The DeepSort tracking algorithm was employed to conduct a comparative analysis between the original SSD network and the SH-SSD network regarding their performance in sheep quantity statistics. The findings unequivocally demonstrate that the SH-SSD network yields more precise statistical results and enhances the tracking performance of the model. These results underscore the superior suitability of the SH-SSD network within the context of sheep quantity statistical modeling.
Given the expansive scope of investigation concerning the dynamic counting of sheep, several avenues for further enhancement exist in this research domain. The dataset’s scope, encompassing the quantity of images, the diversity of sheep species, and the richness of backgrounds, currently remains constrained. It is imperative that the dataset be continuously augmented in subsequent research efforts. Currently, a bottleneck in speed is discernible within the target tracking module. In future endeavors, we will persist in delving into the target tracking module to ameliorate the ultimate statistical speed.
5. Conclusions
In comparison to the conventional SSD network, the SH-SSD network exhibited notably enhanced detection accuracy, achieving 96.11% and 63.41% in the AP0.5 and AP0.5:0.95 metrics, respectively. These figures denote substantial improvements of 6.8% and 12.05%. Notably, the most substantial enhancement was observed in the AP0.5:0.95 metric, signifying a remarkable augmentation in accuracy. These outcomes underscore the superior positioning and classification capabilities of the SH-SSD network model, thereby attesting to its heightened detection performance.
In comparison to other detection networks, which exhibit superior detection accuracy, the SH-SSD network consistently demonstrates commendable detection performance. While its detection speed is marginally slower than that of YOLOv5, it still satisfies real-time detection demands. These findings underscore the suitability of the SH-SSD network for tasks involving sheep’s head detection.

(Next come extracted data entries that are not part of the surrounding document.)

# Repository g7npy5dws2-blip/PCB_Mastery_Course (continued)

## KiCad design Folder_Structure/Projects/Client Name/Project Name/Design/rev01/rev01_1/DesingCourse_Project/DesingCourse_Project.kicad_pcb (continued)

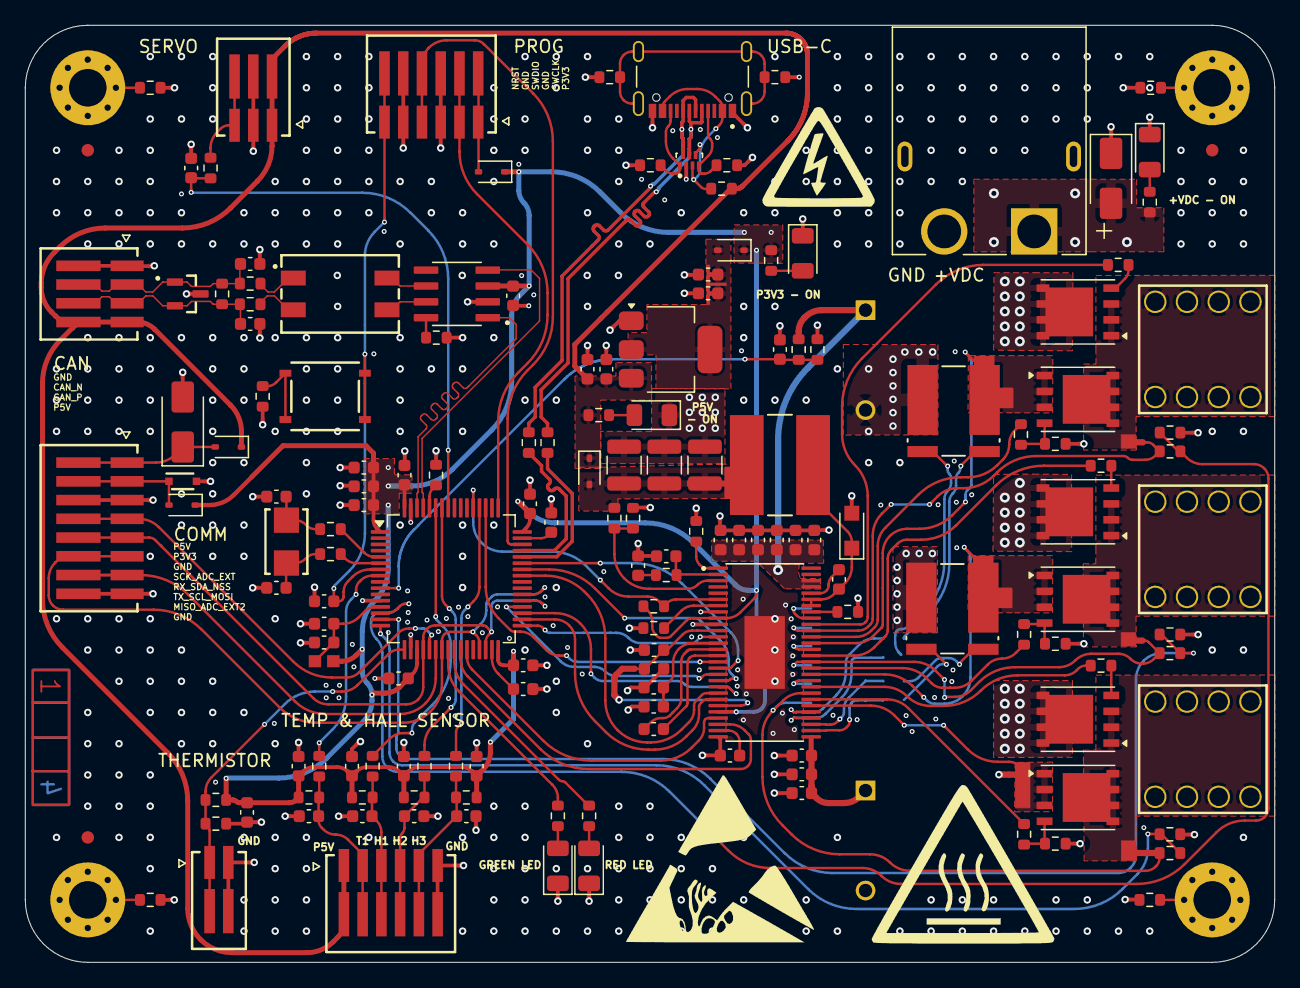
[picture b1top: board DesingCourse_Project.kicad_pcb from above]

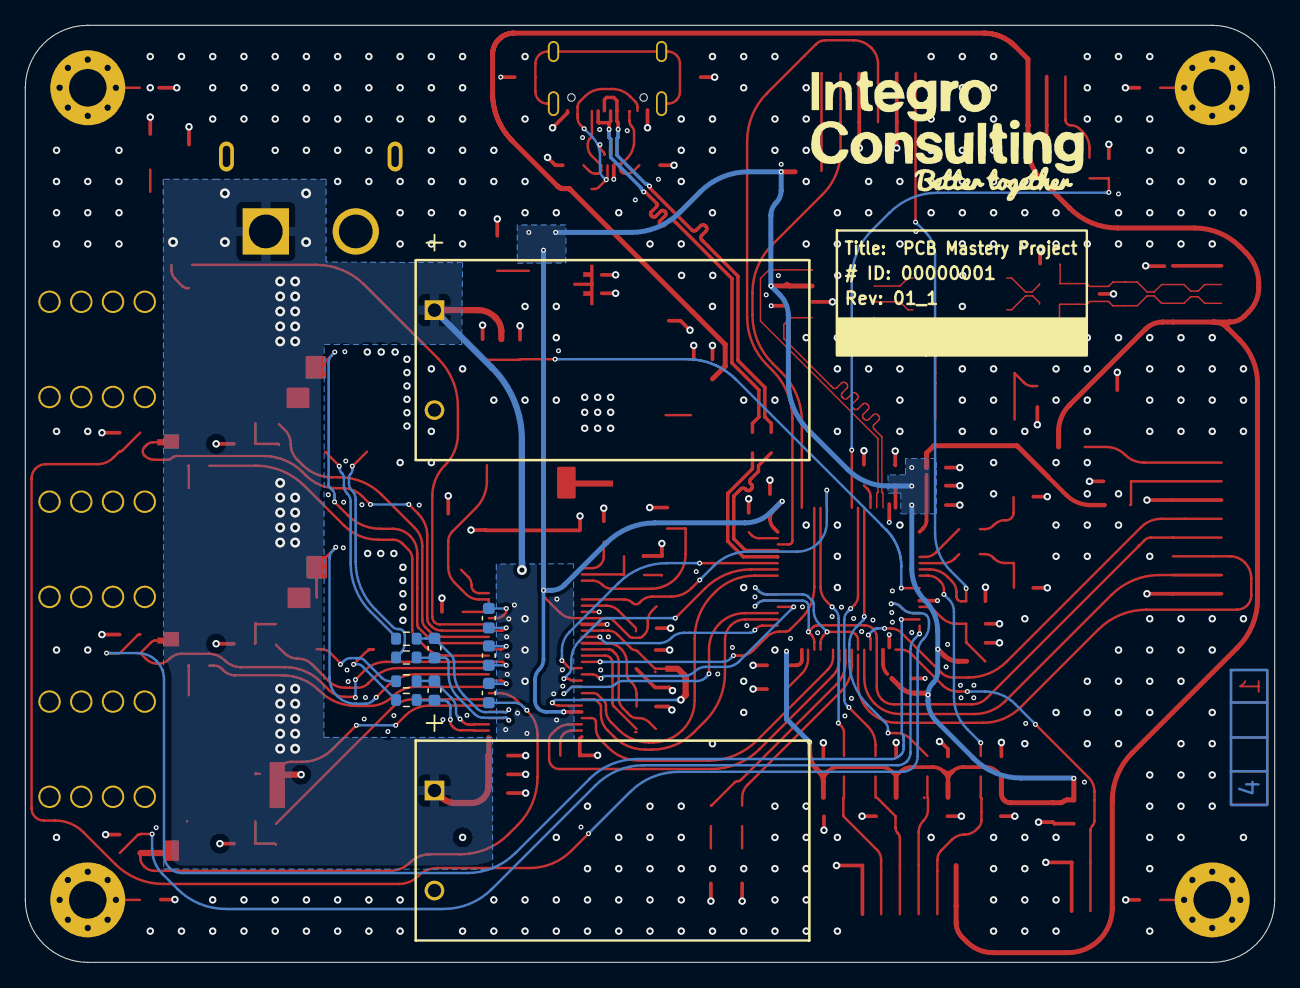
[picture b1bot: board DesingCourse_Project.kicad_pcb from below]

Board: 4 copper layers, 100.0 x 75.0 mm, 185 parts (13 on the bottom side), 125 nets.

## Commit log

2026-01-15 Update 1
    - Creat SCH & PCB template
2026-01-19 Update 2
    KiCAD project creation
    Schematica flat hierarqchy with block diagram
2026-01-21 Update 3
    MCU SCH done
2026-01-22 Update 4
    Finish the MOSFET DRIVE page
2026-01-23 Update 5
    small updates and 3D body created for the 22uH inductor
2026-01-27 Update 6
    SCH and LIB for MOSFET page done, missing passive components
2026-01-27 Update 7
    Update on 3D of coil
2026-01-28 Update 8
    Page 1 finished, INPUT finished, Start of USB-C
2026-01-29 Update 9
    USC-C & STEP_DOWN are DONE // MCU missing TVS diodes on P3V3 & P5V
2026-01-30 Update 10
    All done up to MOSFET page, replace all connected to actual PN
2026-02-03 Update 11
    SCH finishe, missing the labels and logos and adding all passive components
2026-02-04 Update 12
    Until STEP-DOWN page, all components have complete libraries.
    Creation and incluison of all logos and labels libraries
2026-02-05 Update13
    Still working on FP for the MCU
2026-02-06 Update14
    All components with FP, missing the block diagram
2026-02-06 Update 15
    Ready for DRC
2026-02-09 Update 16
    Initial component placement done
2026-02-10 Update17
    Design rules and stack defined.
    Check againg DR and proceed with layout.
2026-02-16 Update18
    Layout finished, clean up or layout and designators.
2026-02-17 Update19
    PCB finished before applying curved traces
2026-02-18 Update20
    DRC "clear".
    Create gerber files
2026-02-19 Update21
    Save before created manuf and assy files
2026-02-19 Update22
    Project finished.
    Ready for manuf

This study centers its investigation on sheep as the primary research subject, with a specific emphasis on addressing issues encompassing dynamic counting and tracking within the detection model. Additionally, it delves into topics such as dataset construction, optimization of convolutional neural networks, and enhancements in tracking and detection accuracy. Our experimental outcomes highlight the practical feasibility of applying tracking results to a single-line counting approach, yielding effective sheep counting. Consequently, we justified confidence in asserting that the automatic sheep-counting methodology outlined in this paper aligns with the requisites of real-world application. This method holds inherent value within the context of the sheep farming industry, while concurrently presenting novel insights for the broader realm of intelligent animal husbandry production.